# New TEControl Breath and Bite Controller 2 (BBC2)



## Udo (Mar 23, 2016)

They've have upgraded the Breath and Bite Controller:

- a new bite sensitive mouthpiece with a food-grade plastic cover that, unlike the silicone cover of the older model, can withstand teeth pressure and be detached for cleaning.

- the BBC2 is able to sense the inclination of the device along two axes (nod for up/down and tilt for lateral head movements) and produce two more MIDI continuous controller streams.

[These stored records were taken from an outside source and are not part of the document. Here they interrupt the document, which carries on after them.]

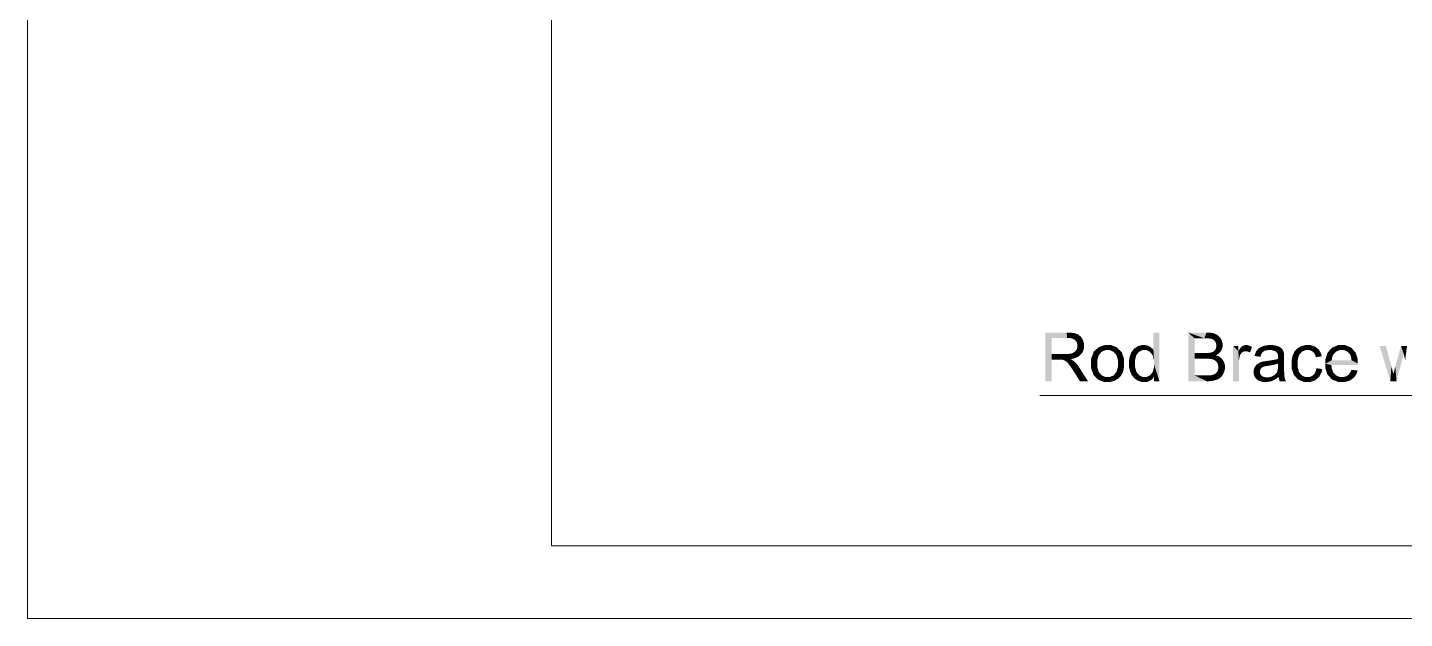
# Model space of a CAD drawing. Header units: millimetres. Extents: x 2 to 579, y 1 to 405.
# Drawn here: x 103.1 to 162.8, y 72.5 to 98.1 of the extents above; entities that cross this region are included whole.
import ezdxf

# ---------------------------------------------------------------- set-up
doc = ezdxf.new("R2010")
doc.units = ezdxf.units.MM
doc.linetypes.add('XKITLINE00', pattern=[0])
doc.layers.add('GraphicObject', color=6, linetype='Continuous', lineweight=0)
doc.layers.add('LinkedObject', color=7, linetype='Continuous', lineweight=0)

# ---------------------------------------------------------------- blocks, each defined once
blk = doc.blocks.new('*A3')
at = {"layer": 'GraphicObject', "color": 3, "linetype": 'XKITLINE00', "lineweight": 0}
for p, q in [((103.15, 211.464), (103.15, 72.512)), ((103.15, 72.512), (237.709, 72.512))]:
    blk.add_line(p, q, dxfattribs=at)
blk = doc.blocks.new('*A4')
at = {"layer": 'LinkedObject'}
for points in [[(147.489, 83.969), (147.211, 82.792), (147.211, 84.898)], [(147.211, 84.898), (147.489, 84.667), (147.489, 83.969)], [(148.155, 84.667), (147.211, 84.898), (148.143, 84.898)], [(147.489, 84.667), (147.211, 84.898), (148.155, 84.667)], [(148.143, 84.898), (148.272, 84.667), (148.155, 84.667)], [(148.498, 84.87), (148.143, 84.898), (148.284, 84.898)], [(148.571, 84.841), (148.143, 84.898), (148.498, 84.87)], [(148.443, 84.618), (148.143, 84.898), (148.571, 84.841)], [(148.272, 84.667), (148.143, 84.898), (148.443, 84.618)], [(148.571, 84.841), (148.497, 84.57), (148.443, 84.618)], [(148.644, 84.813), (148.497, 84.57), (148.571, 84.841)], [(148.497, 84.57), (148.644, 84.813), (148.551, 84.522)], [(148.551, 84.522), (148.644, 84.813), (148.804, 84.641)], [(148.804, 84.641), (148.644, 84.813), (148.761, 84.713)], [(152.158, 84.898), (151.899, 84.142), (151.899, 84.898)], [(152.158, 84.898), (151.922, 83.689), (151.899, 84.142)], [(151.922, 83.689), (152.158, 84.898), (152.158, 82.792)], [(153.403, 84.898), (153.681, 83.765), (153.403, 82.792)], [(153.681, 84.014), (153.681, 83.765), (153.403, 84.898)], [(153.403, 84.898), (153.681, 84.65), (153.681, 84.014)], [(154.103, 84.65), (153.403, 84.898), (154.193, 84.898)], [(153.681, 84.65), (153.403, 84.898), (154.103, 84.65)], [(154.103, 84.65), (154.193, 84.898), (154.217, 84.65)], [(154.193, 84.898), (154.377, 84.635), (154.217, 84.65)], [(154.314, 84.898), (154.377, 84.635), (154.193, 84.898)], [(154.508, 84.866), (154.377, 84.635), (154.314, 84.898)], [(154.377, 84.635), (154.508, 84.866), (154.424, 84.62)], [(154.424, 84.62), (154.508, 84.866), (154.471, 84.606)], [(154.471, 84.606), (154.508, 84.866), (154.581, 84.834)], [(154.581, 84.834), (154.543, 84.551), (154.471, 84.606)], [(154.654, 84.802), (154.543, 84.551), (154.581, 84.834)], [(154.768, 84.704), (154.543, 84.551), (154.654, 84.802)], [(154.809, 84.637), (154.543, 84.551), (154.768, 84.704)], [(148.747, 83.946), (148.44, 84.029), (148.522, 84.092)], [(148.55, 84.135), (148.747, 83.946), (148.522, 84.092)], [(148.578, 84.179), (148.747, 83.946), (148.55, 84.135)], [(148.804, 84.641), (148.606, 84.399), (148.551, 84.522)], [(148.578, 84.179), (148.892, 84.324), (148.747, 83.946)], [(148.606, 84.273), (148.892, 84.324), (148.578, 84.179)], [(148.848, 84.569), (148.606, 84.399), (148.804, 84.641)], [(148.892, 84.411), (148.606, 84.399), (148.848, 84.569)], [(148.892, 84.324), (148.606, 84.399), (148.892, 84.411)], [(148.606, 84.399), (148.892, 84.324), (148.606, 84.325)], [(148.892, 84.324), (148.606, 84.273), (148.606, 84.325)], [(148.747, 83.946), (148.892, 84.324), (148.82, 84.023)], [(148.82, 84.023), (148.892, 84.324), (148.892, 84.212)], [(149.435, 84.183), (149.199, 83.556), (149.317, 84.081)], [(149.529, 83.921), (149.199, 83.556), (149.435, 84.183)], [(149.317, 84.081), (149.199, 83.556), (149.199, 83.768)], [(149.773, 84.353), (149.435, 84.183), (149.533, 84.268)], [(149.914, 84.353), (149.435, 84.183), (149.773, 84.353)], [(149.817, 84.138), (149.435, 84.183), (149.914, 84.353)], [(149.435, 84.183), (149.656, 84.066), (149.593, 83.993)], [(149.656, 84.066), (149.435, 84.183), (149.817, 84.138)], [(149.529, 83.921), (149.435, 84.183), (149.593, 83.993)], [(149.817, 84.138), (149.914, 84.353), (149.914, 84.138)], [(149.914, 84.353), (150.01, 84.138), (149.914, 84.138)], [(150.328, 84.25), (149.914, 84.353), (150.071, 84.353)], [(150.428, 84.147), (149.914, 84.353), (150.328, 84.25)], [(150.169, 84.065), (149.914, 84.353), (150.428, 84.147)], [(150.01, 84.138), (149.914, 84.353), (150.169, 84.065)], [(150.169, 84.065), (150.428, 84.147), (150.233, 83.992)], [(150.428, 84.147), (150.298, 83.919), (150.233, 83.992)], [(150.298, 83.919), (150.428, 84.147), (150.362, 83.705)], [(150.362, 83.705), (150.428, 84.147), (150.627, 83.577)], [(150.627, 83.759), (150.428, 84.147), (150.528, 84.044)], [(150.627, 83.577), (150.428, 84.147), (150.627, 83.759)], [(150.95, 84.062), (151.217, 83.997), (150.912, 83.969)], [(151.064, 84.204), (151.217, 83.997), (150.95, 84.062)], [(151.275, 84.068), (151.064, 84.204), (151.14, 84.254)], [(151.217, 83.997), (151.064, 84.204), (151.275, 84.068)], [(151.216, 84.303), (151.418, 84.138), (151.14, 84.254)], [(151.14, 84.254), (151.418, 84.138), (151.275, 84.068)], [(151.385, 84.353), (151.418, 84.138), (151.216, 84.303)], [(151.479, 84.353), (151.418, 84.138), (151.385, 84.353)], [(151.418, 84.138), (151.479, 84.353), (151.505, 84.138)], [(151.479, 84.353), (151.593, 84.138), (151.505, 84.138)], [(151.548, 84.353), (151.593, 84.138), (151.479, 84.353)], [(151.671, 84.324), (151.593, 84.138), (151.548, 84.353)], [(151.724, 84.294), (151.593, 84.138), (151.671, 84.324)], [(151.724, 84.294), (151.742, 84.065), (151.593, 84.138)], [(151.778, 84.265), (151.742, 84.065), (151.724, 84.294)], [(151.866, 84.189), (151.742, 84.065), (151.778, 84.265)], [(151.899, 84.142), (151.742, 84.065), (151.866, 84.189)], [(151.742, 84.065), (151.899, 84.142), (151.802, 83.992)], [(151.802, 83.992), (151.899, 84.142), (151.862, 83.918)], [(151.899, 84.142), (151.922, 83.689), (151.862, 83.918)], [(154.537, 84.106), (154.819, 84.105), (154.457, 84.054)], [(154.457, 84.054), (154.819, 84.105), (154.672, 83.949)], [(154.564, 84.143), (154.819, 84.105), (154.537, 84.106)], [(154.543, 84.551), (154.809, 84.637), (154.568, 84.511)], [(154.819, 84.105), (154.564, 84.143), (154.591, 84.18)], [(154.809, 84.637), (154.593, 84.471), (154.568, 84.511)], [(154.591, 84.18), (154.892, 84.359), (154.819, 84.105)], [(154.618, 84.271), (154.892, 84.359), (154.591, 84.18)], [(154.593, 84.471), (154.809, 84.637), (154.618, 84.379)], [(154.618, 84.379), (154.809, 84.637), (154.892, 84.359)], [(154.892, 84.359), (154.618, 84.327), (154.618, 84.379)], [(154.618, 84.327), (154.892, 84.359), (154.618, 84.271)], [(154.672, 83.949), (154.819, 84.105), (154.782, 84.046)], [(154.892, 84.432), (154.809, 84.637), (154.851, 84.571)], [(154.892, 84.359), (154.809, 84.637), (154.892, 84.432)], [(154.819, 84.105), (154.892, 84.359), (154.855, 84.165)], [(154.855, 84.165), (154.892, 84.359), (154.892, 84.292)], [(155.341, 84.319), (155.574, 84.087), (155.341, 82.792)], [(155.574, 84.087), (155.341, 84.319), (155.574, 84.319)], [(155.341, 82.792), (155.574, 84.087), (155.6, 82.792)], [(155.738, 84.301), (155.574, 84.087), (155.701, 84.275)], [(155.848, 84.085), (155.574, 84.087), (155.738, 84.301)], [(155.701, 84.275), (155.574, 84.087), (155.619, 84.168)], [(155.574, 84.087), (155.6, 83.591), (155.6, 82.792)], [(155.6, 83.591), (155.574, 84.087), (155.6, 83.673)], [(155.6, 83.673), (155.574, 84.087), (155.621, 83.824)], [(155.621, 83.824), (155.574, 84.087), (155.643, 83.893)], [(155.643, 83.893), (155.574, 84.087), (155.657, 83.938)], [(155.657, 83.938), (155.574, 84.087), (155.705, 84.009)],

http://tecontrol.se/products/usb-midi-b ... ntroller-2


----------



## pmcrockett (Mar 23, 2016)

Hmm, might finally be time pick one of these up. I also hadn't realized that the non-bite version was down to 100 EUR -- it used to be more expensive than that, didn't it?


----------



## Lannister (Mar 23, 2016)

As someone originally from the UK I clicked on this thread thinking there was some news report or something on the actual BBC2...


----------



## rdieters (Apr 6, 2016)

Lannister said:


> As someone originally from the UK I clicked on this thread thinking there was some news report or something on the actual BBC2...



Ahah that is a funny one!


----------



## jononotbono (Apr 6, 2016)

I'm sure somebody on VI Control has said that the Non Bite Version is a better choice. Anyone here got experience with both? I really want to get one but unsure which to get. Hmmmm...


----------



## wbacer (Apr 6, 2016)

I have all three versions. 

The original breath controller, works great with winds and brass.

The Breath and Bite Controller 1 - I was able to generate cc data for volume with breath and vibrato with bite.
You can generate any cc number with either function. Very flexible and easy to set up and use.
The problem I had with the BnB 1 is that the plastic sleeves that cover that mouth piece kept tearing and I had to keep replacing them. They were difficult to put on and the last time I replaced the sleeve, I damaged the bite sensor and it no longer worked.

The Breath and Bite 2 has a different mouth piece. It's a lot sturdier, fits in the mouth better and you don't have to replace the plastic sleeves. Really haven't had time to work with the nod and tilt functions but they look promising.
The only concern I have with this model is that, as least of me, I really have to bite down hard to get the bite sensor to work. The BnB 1 worked great with just lip pressure but this one is designed for teeth pressure. I wish that they would come up with a mouth piece that didn't require so much bite pressure.

I hope this is helpful.

Wayne


----------



## rdieters (Apr 13, 2016)

These came through facebook. The head tilt thing could be really useful. Tempting...


----------



## Mystic (Apr 14, 2016)

It looks interesting but looks like a neck problem in the making. 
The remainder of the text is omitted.